My day’s highlight, while at work, remains the same. Thinking of the girls as I left them. Curled up on their predawn beds, newly covered up, innocent and wonderful and peaceful in their dreams. And the job juggernauts forward. Me doing overtime, millions of others with no work to speak of.
I get home and they are already pj’ed and waiting for me. The girls are demanding “coffee shop.” A nightly serialization of my experiences at the local coffee shop, with the local zoo animals that work and hang out there. I don’t have the emotional-creative energy to make up something from scratch and so I opt for a variation on a traditional theme. The three little pigs.
This story was perhaps originally created to justify how those in brick houses survive life’s natural disasters and those of us in trailers or mudhuts will have our badly-built homes swept away. If only we’d had the money to build a brick house then maybe we’d not gotten eaten by a hungry wolf. Work hard, we're lectured, and you'll be safe from roving wolves. At some point the homeowners/renters in the story became pigs, convoluting the moral of the story. Surely, it’d only be natural that the wolf would eat the farm animals? Or maybe pigs made the moralizing more palatable for children.
So there I am, half asleep careening through some made-up version of the 3 pigs’ adventure of being pursued by a hungry endangered species, and I crash into the void of sleep that keeps telling me, you’re on a bed: sneak in a nap, it’s not like you’re driving a car, drift off, drift off. And so I do, dragging the story down in my wake.
A cue to my state of mind weaves its way into the story's plot: the first little piggy builds a house of pillows. The next pig, as I wrestle to get back my audience’s attention, builds a house of legos and then the third, a house of Barbie dolls. “A Barbie house?” repeats Havana, sharing a half-disgusted, half-amused look with her younger sister.
Then, in exhaustion, the story hiccups and I begin by trying to end a sentence which I cannot for sure remember how I started. I am aware that I am talking nonsense but assume the girls may not be distinguish between the funny creative nonsense and the plainer, simpler type.
At the end, I close the non-existent bedtime story book, exhale and rise up to sit on the side of the bed.
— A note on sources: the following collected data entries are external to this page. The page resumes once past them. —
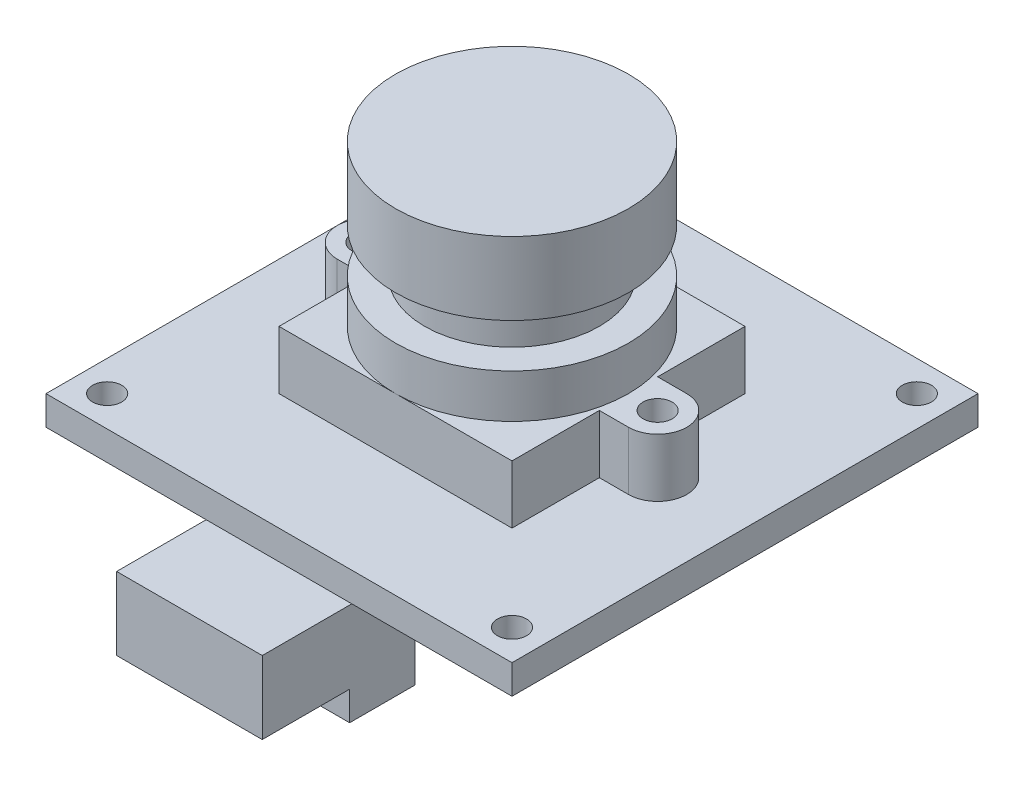
SolidWorks part; units mm, degrees
ref_plane "Front Plane" through (0, 0, 0) normal (0, 0, 1) x (1, 0, 0)
ref_plane "Top Plane" through (0, 0, 0) normal (0, 1, 0) x (1, 0, 0)
ref_plane "Right Plane" through (0, 0, 0) normal (1, 0, 0) x (0, 0, -1)
sketch "Sketch1" plane through (0, 0, 0) normal (0, 1, 0) x (1, 0, 0)
  line L0 (13.9, -13.9) -> (-13.9, 13.9) construction
  line L1 (-16, -16) -> (16, -16)
  line L2 (-16, -16) -> (-16, 16)
  line L3 (-16, -16) -> (16, 16) construction
  line L4 (16, -16) -> (16, 16)
  line L45 (-16, 16) -> (16, 16)
  circle A0 centre (-13.9, 13.9) radius 1
  circle A1 centre (13.9, 13.9) radius 1
  circle A2 centre (-13.9, -13.9) radius 1
  circle A3 centre (13.9, -13.9) radius 1
  point P3 (0, 0)
  point P11 (0, 0)
  point P38 (-16, 0)
  point P45 (17.9444, 0)
  point P46 (16, 0)
  dimension "D8" = 2
  dimension "D4" = 27.8
  dimension "D5" = 27.8
  dimension "D11" = 32
extrude "Boss-Extrude1" add sketch "Sketch1" along normal blind 2
sketch "Sketch2" plane through (0, 2, 0) normal (0, 1, 0) x (1, 0, 0)
  line L0 (10, 0) -> (9, 0) construction
  line L1 (-8, -8) -> (8, -8)
  line L2 (-8, -8) -> (-8, -2)
  line L3 (-8, 8) -> (8, 8)
  line L4 (8, -8) -> (8, -2)
  line L7 (10, -2) -> (8, -2)
  line L8 (10, 2) -> (8, 2)
  line L9 (-8, 2) -> (-8, 8)
  line L10 (-9, 0) -> (-10, 0) construction
  line L13 (8, 2) -> (8, 8)
  line L14 (-8, 2) -> (-10, 2)
  line L15 (-8, -2) -> (-10, -2)
  arc A0 (10, -2) -> (10, 2) centre (10, 0) ccw
  arc A1 (-10, 2) -> (-10, -2) centre (-10, 0) ccw
  circle A2 centre (10, 0) radius 1
  circle A3 centre (-10, 0) radius 1
  point P0 (0, 0)
  point P8 (0, 0)
  dimension "D4" = 2
  dimension "D1" = 16
  dimension "D2" = 20
  dimension "D3" = 4
extrude "Boss-Extrude2" add sketch "Sketch2" along normal blind 4
sketch "Sketch3" plane through (0, 6, 0) normal (0, 1, 0) x (1, 0, 0)
  circle A0 centre (0, 0) radius 8
  dimension "D1" = 16
extrude "Boss-Extrude3" add sketch "Sketch3" along normal blind 3
sketch "Sketch4" plane through (0, 9, 0) normal (0, 1, 0) x (1, 0, 0)
  circle A0 centre (0, 0) radius 6
  dimension "D1" = 12
extrude "Boss-Extrude4" add sketch "Sketch4" along normal blind 3
sketch "Sketch5" plane through (0, 12, 0) normal (0, 1, 0) x (1, 0, 0)
  circle A0 centre (0, 0) radius 8
extrude "Boss-Extrude5" add sketch "Sketch5" along normal blind 5
sketch "草图1" plane through (0, 0, 0) normal (0, -1, 0) x (1, 0, 0)
  line L1 (-5, 16.15) -> (5, 16.15)
  line L2 (-5, 16.15) -> (-5, 11.65)
  line L3 (-5, 11.65) -> (5, 11.65)
  line L4 (5, 16.15) -> (5, 11.65)
  circle A0 centre (13.9, 13.9) radius 1 construction
  circle A1 centre (13.9, 13.9) radius 1 construction
  point P4 (0, 16.15)
  point P11 (-5, 13.9)
  dimension "D1" = 4.5
  dimension "D2" = 10
extrude "凸台-拉伸1" add sketch "草图1" along normal blind 7
sketch "草图2" plane through (0, 0, 16.15) normal (0, 0, 1) x (1, 0, 0)
  line L0 (5, -7) -> (5, 0) construction
  line L1 (-5, 0) -> (5, 0)
  line L2 (-5, 0) -> (-5, -5)
  line L3 (-5, -5) -> (5, -5)
  line L4 (5, 0) -> (5, -5)
  line L5 (5, 0) -> (16, 0) construction
  dimension "D1" = 5
  dimension "D2" = 10
extrude "凸台-拉伸2" add sketch "草图2" along normal blind 6
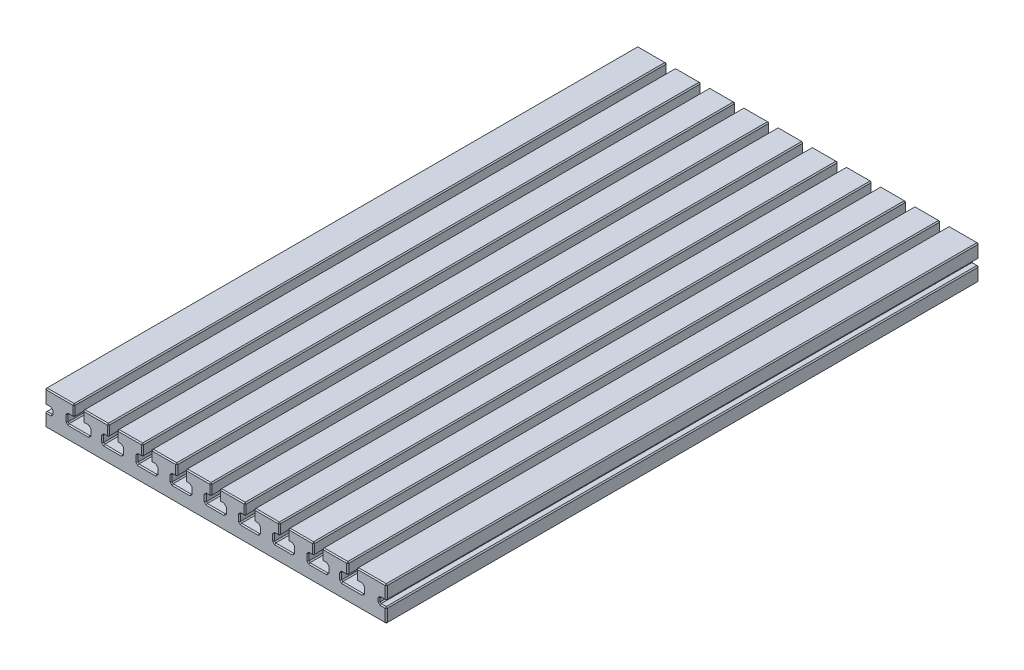
SolidWorks part; units mm, degrees
ref_plane "Plane1" through (0, 0, 0) normal (0, 0, 1) x (1, 0, 0)
ref_plane "Plane2" through (0, 0, 0) normal (0, 1, 0) x (1, 0, 0)
ref_plane "Plane3" through (0, 0, 0) normal (1, 0, 0) x (0, 0, -1)
sketch "Sketch1" plane through (0, 0, 0) normal (0, 0, 1) x (1, 0, 0)
  line L1 (-379.4125, 0) -> (381, 0)
  line L2 (-379.4125, 0) -> (-379.4125, -76.2)
  line L3 (-379.4125, -76.2) -> (381, -76.2)
  line L4 (381, 0) -> (381, -76.2)
extrude "Base-Extrude" add sketch "Sketch1" against normal blind 1320.8
sketch "Sketch2" plane through (0, 0, 0) normal (0, 0, 1) x (1, 0, 0)
  line L0 (381, 0) -> (-379.4125, 0) construction
  line L1 (-9.525, 0) -> (9.525, 0)
  line L2 (-9.525, 0) -> (-9.525, -25.4)
  line L3 (9.525, -25.4) -> (22.225, -25.4)
  line L4 (9.525, 0) -> (9.525, -25.4)
  line L5 (85.725, -25.4) -> (98.425, -25.4)
  line L6 (-22.225, -25.4) -> (-9.525, -25.4)
  line L7 (-22.225, -25.4) -> (-22.225, -44.45)
  line L8 (-22.225, -44.45) -> (22.225, -44.45)
  line L9 (22.225, -25.4) -> (22.225, -44.45)
  line L10 (66.675, 0) -> (85.725, 0)
  line L11 (66.675, 0) -> (66.675, -25.4)
  line L12 (161.925, -25.4) -> (174.625, -25.4)
  line L13 (85.725, 0) -> (85.725, -25.4)
  line L14 (53.975, -25.4) -> (66.675, -25.4)
  line L15 (53.975, -25.4) -> (53.975, -44.45)
  line L16 (53.975, -44.45) -> (98.425, -44.45)
  line L17 (98.425, -25.4) -> (98.425, -44.45)
  line L18 (142.875, 0) -> (161.925, 0)
  line L19 (142.875, 0) -> (142.875, -25.4)
  line L20 (-66.675, -25.4) -> (-53.975, -25.4)
  line L21 (161.925, 0) -> (161.925, -25.4)
  line L22 (130.175, -25.4) -> (142.875, -25.4)
  line L23 (130.175, -25.4) -> (130.175, -44.45)
  line L24 (130.175, -44.45) -> (174.625, -44.45)
  line L25 (174.625, -25.4) -> (174.625, -44.45)
  line L26 (-85.725, 0) -> (-66.675, 0)
  line L27 (-85.725, 0) -> (-85.725, -25.4)
  line L28 (-142.875, -25.4) -> (-130.175, -25.4)
  line L29 (-66.675, 0) -> (-66.675, -25.4)
  line L30 (-98.425, -25.4) -> (-85.725, -25.4)
  line L31 (-98.425, -25.4) -> (-98.425, -44.45)
  line L32 (-98.425, -44.45) -> (-53.975, -44.45)
  line L33 (-53.975, -25.4) -> (-53.975, -44.45)
  line L34 (-161.925, 0) -> (-142.875, 0)
  line L35 (-161.925, 0) -> (-161.925, -25.4)
  line L36 (-219.075, -25.4) -> (-206.375, -25.4)
  line L37 (-142.875, 0) -> (-142.875, -25.4)
  line L38 (-174.625, -25.4) -> (-161.925, -25.4)
  line L39 (-174.625, -25.4) -> (-174.625, -44.45)
  line L40 (-174.625, -44.45) -> (-130.175, -44.45)
  line L41 (-130.175, -25.4) -> (-130.175, -44.45)
  line L42 (381, -31.3382) -> (365.125, -31.3382)
  line L43 (381, -31.3382) -> (381, -44.0382)
  line L44 (381, -44.0382) -> (365.125, -44.0382)
  line L45 (365.125, -31.3382) -> (365.125, -44.0382)
  line L46 (-379.4125, -32.5488) -> (-363.5375, -32.5488)
  line L47 (-379.4125, -32.5488) -> (-379.4125, -45.2488)
  line L48 (-379.4125, -45.2488) -> (-363.5375, -45.2488)
  line L49 (-363.5375, -32.5488) -> (-363.5375, -45.2488)
  line L50 (-238.125, 0) -> (-219.075, 0)
  line L51 (-238.125, 0) -> (-238.125, -25.4)
  line L52 (238.125, -25.4) -> (250.825, -25.4)
  line L53 (-219.075, 0) -> (-219.075, -25.4)
  line L54 (-250.825, -25.4) -> (-238.125, -25.4)
  line L55 (-250.825, -25.4) -> (-250.825, -44.45)
  line L56 (-250.825, -44.45) -> (-206.375, -44.45)
  line L57 (-206.375, -25.4) -> (-206.375, -44.45)
  line L58 (219.075, 0) -> (238.125, 0)
  line L59 (219.075, 0) -> (219.075, -25.4)
  line L60 (-295.275, -25.4) -> (-279.4, -25.4)
  line L61 (238.125, 0) -> (238.125, -25.4)
  line L62 (206.375, -25.4) -> (219.075, -25.4)
  line L63 (206.375, -25.4) -> (206.375, -44.45)
  line L64 (206.375, -44.45) -> (250.825, -44.45)
  line L65 (250.825, -25.4) -> (250.825, -44.45)
  line L66 (-314.325, 0) -> (-295.275, 0)
  line L67 (-314.325, 0) -> (-314.325, -25.4)
  line L68 (314.325, -25.4) -> (330.2017, -25.4)
  line L69 (-295.275, 0) -> (-295.275, -25.4)
  line L70 (-330.2, -25.4) -> (-314.325, -25.4)
  line L71 (-330.2, -25.4) -> (-330.2, -44.45)
  line L72 (-330.2, -44.45) -> (-279.4, -44.45)
  line L73 (-279.4, -25.4) -> (-279.4, -44.45)
  line L74 (295.275, 0) -> (314.325, 0)
  line L75 (295.275, 0) -> (295.275, -25.4)
  line L77 (314.325, 0) -> (314.325, -25.4)
  line L78 (279.4, -25.4) -> (295.275, -25.4)
  line L79 (279.4, -25.4) -> (279.4, -44.45)
  line L80 (279.4, -44.45) -> (330.2017, -44.45)
  line L81 (330.2017, -25.4) -> (330.2017, -44.45)
extrude "Cut-Extrude1" cut sketch "Sketch2" against normal blind 1320.8
chamfer "Chamfer1" distance 2.3622 angle 45
sketch "Sketch3" plane through (0, 0, 0) normal (0, 1, 0) x (-1, 0, 0)
  circle A0 centre (0, -663.575) radius 38.1
  dimension "D1" = 76.2
extrude "Cut-Extrude2" [suppressed] cut sketch "Sketch3" against normal blind 50.8
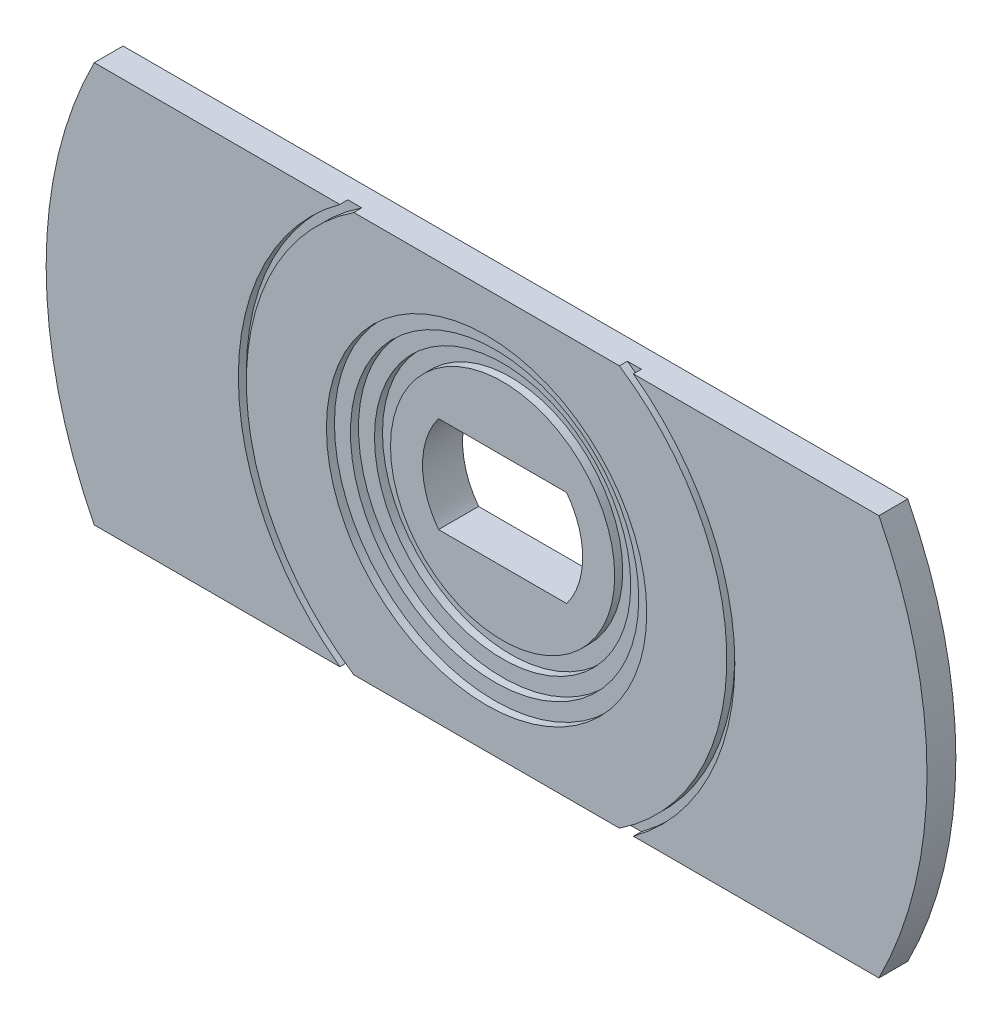
SolidWorks part; units mm, degrees
material "PA Тип 6"
ref_plane "Спереди" through (0, 0, 0) normal (0, 0, 1) x (1, 0, 0)
ref_plane "Сверху" through (0, 0, 0) normal (0, 1, 0) x (1, 0, 0)
ref_plane "Справа" through (0, 0, 0) normal (1, 0, 0) x (0, 0, -1)
sketch "Эскиз1" plane through (0, 0, 0) normal (1, 0, 0) x (0, 0, -1)
  line L0 (0, 29.533) -> (0, -1.8956) construction
  line L1 (-1.4835, 0) -> (10.8242, 0) construction
  line L2 (1.5, 7) -> (1.5, 8)
  line L3 (0, 27.5) -> (1.8, 27.5)
  line L4 (0, 27.5) -> (0, 15.5)
  line L5 (1.5, 7) -> (1.8, 7)
  line L6 (1.8, 27.5) -> (1.8, 7)
  line L7 (1.5, 8) -> (1, 8)
  line L8 (1, 8) -> (1, 9)
  line L9 (1, 9) -> (0.5, 9)
  line L10 (0.5, 9) -> (0.5, 10)
  line L11 (0.5, 10) -> (0, 10)
  line L12 (0, 15) -> (0.5, 15)
  line L13 (0.5, 15) -> (0.5, 15.5)
  line L14 (0.5, 15.5) -> (0, 15.5)
  line L15 (0, 15) -> (0, 10)
  dimension "D1" = 27.5
  dimension "D2" = 7
  dimension "D3" = 1.8
  dimension "D4" = 1
  dimension "D5" = 1
  dimension "D6" = 1
  dimension "D7" = 0.3
  dimension "D8" = 0.5
  dimension "D9" = 0.5
  dimension "D10" = 15
  dimension "D11" = 0.5
  dimension "D12" = 0.5
revolve "Повернуть1" add sketch "Эскиз1" angle 360 about L1
sketch "Эскиз2" plane through (0, 0, 0) normal (0, 0, 1) x (1, 0, 0)
  line L0 (-29.2418, 0) -> (30.9384, 0) construction
  line L1 (-24.4949, 12.5) -> (24.4949, 12.5)
  line L2 (-24.4949, -12.5) -> (24.4949, -12.5)
  circle A1 centre (0, 0) radius 27.5 construction
  circle A2 centre (0, 0) radius 27.5
  arc A3 (-24.4949, -12.5) -> (24.4949, -12.5) centre (0, 0) ccw
  arc A4 (24.4949, 12.5) -> (-24.4949, 12.5) centre (0, 0) ccw
  point P6 (24.4949, 12.5)
  dimension "D2" = 12.5
  dimension "D1" = 0
extrude "Вырез-Вытянуть1" cut sketch "Эскиз2" against normal up to surface (1.8 mm away) up to face at (27.5, 0, -1.8)
sketch "Эскиз3" plane through (0, 0, -1.5) normal (0, 0, 1) x (1, 0, 0)
  line L0 (-29.421, 0) -> (31.1947, 0) construction
  line L1 (4, 3) -> (-4, 3)
  line L2 (4, -3) -> (-4, -3)
  circle A2 centre (0, 0) radius 5
  arc A3 (-4, 3) -> (-4, -3) centre (0, 0) ccw
  arc A4 (4, -3) -> (4, 3) centre (0, 0) ccw
  circle A5 centre (0, 0) radius 7
  circle A6 centre (0, 0) radius 7
  dimension "D3" = 3
  dimension "D1" = 2
  dimension "D2" = 0
extrude "Бобышка-Вытянуть1" add sketch "Эскиз3" against normal blind 2 and the other way blind 0.5
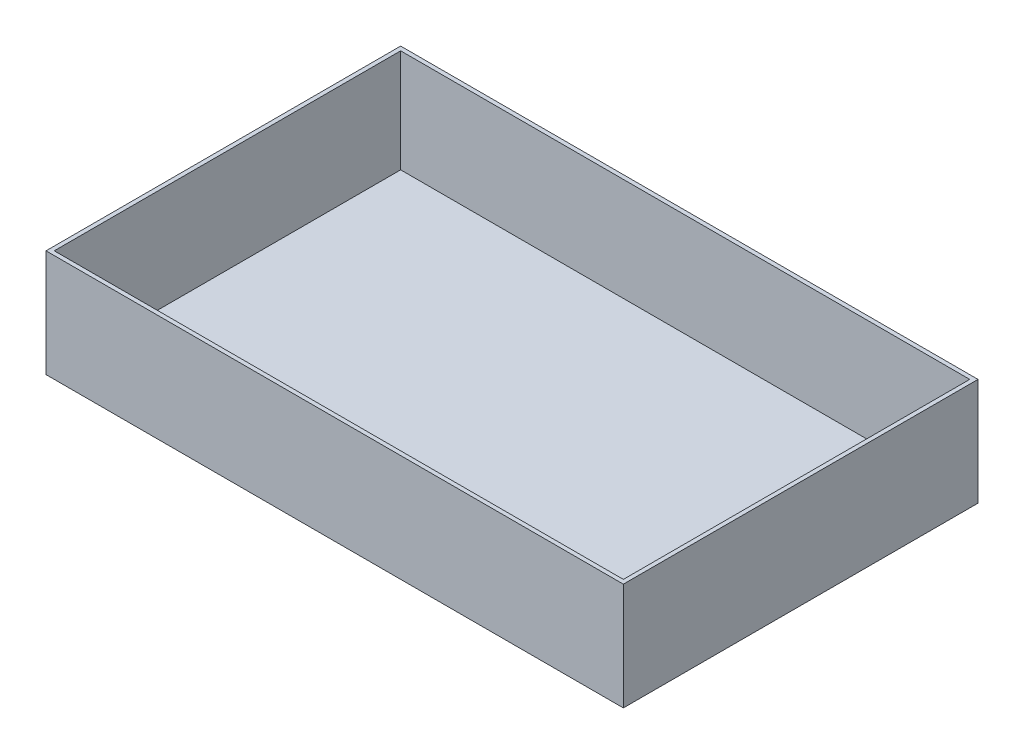
SolidWorks part; units mm, degrees
ref_plane "Front Plane" through (0, 0, 0) normal (0, 0, 1) x (1, 0, 0)
ref_plane "Top Plane" through (0, 0, 0) normal (0, 1, 0) x (1, 0, 0)
ref_plane "Right Plane" through (0, 0, 0) normal (1, 0, 0) x (0, 0, -1)
sketch "Sketch1" plane through (0, 0, 0) normal (0, 1, 0) x (1, 0, 0)
  line L1 (-350, 215) -> (350, 215)
  line L2 (-350, 215) -> (-350, -215)
  line L3 (-350, -215) -> (350, -215)
  line L4 (350, 215) -> (350, -215)
  line L5 (-350, 215) -> (350, -215) construction
  line L6 (-350, -215) -> (350, 215) construction
  point P0 (0, 0)
  dimension "D1" = 700
  dimension "D2" = 430
extrude "Boss-Extrude1" add sketch "Sketch1" along normal blind 130
shell "Shell2" thickness 5

As I reach the door for the final farewell, Havana enjoys the moment: "Daddy, there’s no farmer in the three little pigs" she explains. Evidently a farmer wondered into the story. Despite this happening in recent minutes, I have no recollection of having referenced a farmer. Although it sounds credible.
“Well the farmer was working overtime girls, he’s in everyone’s story tonight, all over Oakland. But now we should let him sleep too.”
Every moment of overtime at work, is time less with the girls.
Even with all this society's evidence of prosperity, in the end, we’re all still out there building pyramids for the pyramid owners. And in a society driven by the priorities of the pyramid owners, time with our families is hardly of importance.